# 256 GB USB flash drive shipping in the US



## lotuseclat79 (Sep 12, 2003)

256 GB USB flash drive shipping in the US.

*Kingston has released a new 256 GB USB flash drive for sale in the US. The drive is called the DataTraveler 310 and is basically the same as the model DataTraveler 300, also with a massive 256 GB capacity, which went on sale in Europe, the Middle East, Africa and the Asia/Pacific region in mid 2009.*

-- Tom


----------



## JohnWill (Oct 19, 2002)

I'd much rather have a SSD in a USB enclosure, must faster read/write speeds.  I think they need to do a better job with the internal architecture of this device.


----------



## Mumbodog (Oct 3, 2007)

> The recommended retail price for the DataTraveler 310 is $1,108


What a bargain! Only $4.33 per gig.

.


----------



## JohnWill (Oct 19, 2002)

How about much less money and much faster access? I'd rather carry a slightly larger SSD and have real access speeds. 

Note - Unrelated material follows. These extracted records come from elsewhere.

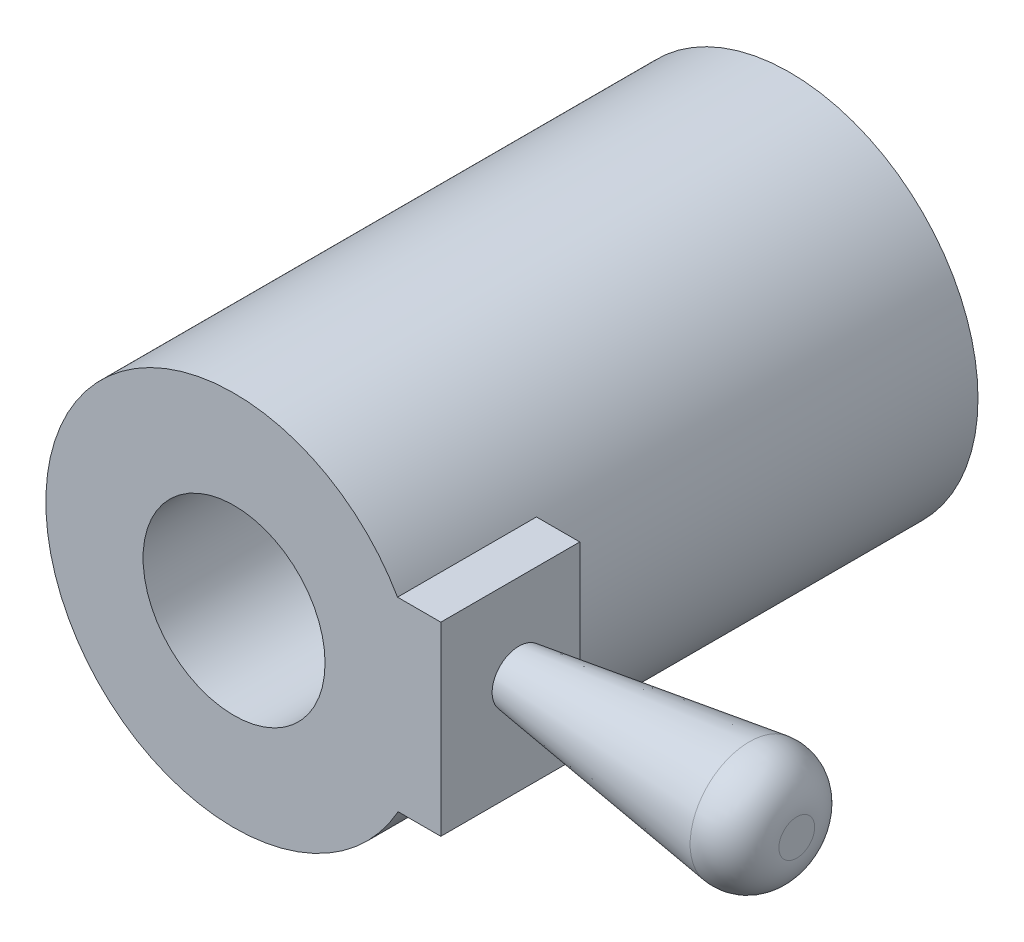
from build123d import *

# Parameters (mm, degrees)
SKETCH2_R           = 34.410626859
SKETCH2_R_2         = 16.637
BOSS_EXTRUDE1_DEPTH = 101.6
SKETCH3_W           = 16.158329911
SKETCH3_H           = 33.912544257
BOSS_EXTRUDE2_DEPTH = 25.4
SKETCH4_R           = 4.896317789
BOSS_EXTRUDE3_DEPTH = 50.8
BOSS_EXTRUDE3_TAPER = -8
FILLET1_R           = 7.62


with BuildPart() as part:
    # Sketch2 → Boss-Extrude1 (new body)
    with BuildSketch(Plane.XY):
        Circle(SKETCH2_R)
        Circle(SKETCH2_R_2, mode=Mode.SUBTRACT)
    extrude(amount=BOSS_EXTRUDE1_DEPTH)

    # Sketch3 → Boss-Extrude2 (add)
    with BuildSketch(Plane.XY.offset(101.6)):
        with Locations((29.723347614, 0.099742777)):
            Rectangle(SKETCH3_W, SKETCH3_H)
    extrude(amount=-BOSS_EXTRUDE2_DEPTH)

    # Sketch4 → Boss-Extrude3 (add)
    with BuildSketch(Plane(origin=(37.802512569, 0, 0), x_dir=(0, 0, -1), z_dir=(1, 0, 0))):
        with Locations((-87.324916431, 1.22659491)):
            Circle(SKETCH4_R)
    extrude(amount=BOSS_EXTRUDE3_DEPTH, taper=BOSS_EXTRUDE3_TAPER)

    # Fillet1
    fillet1_edges = [part.edges().sort_by_distance(p)[0] for p in [
        (88.602512569, 1.22659491, 99.360708623),
    ]]
    fillet(fillet1_edges, radius=FILLET1_R)


solid = part.part

https://www.serversdirect.com/product.asp?pf_id=HD0219


----------



## halcy0n (Mar 2, 2010)

256 GB flash drive won't do you much good with out better access speeds.
&
I wish they would let you take an SSD and put it on a front side buss, to get some really amazing access speeds. The SATA interface makes the entire SSD concept a waste of money in my opinion. 

Sincerely,




-Halcy0n


----------



## ecozart (Mar 16, 2010)

USB 3.0 should help ease the slow speeds right?


----------



## tomdkat (May 6, 2006)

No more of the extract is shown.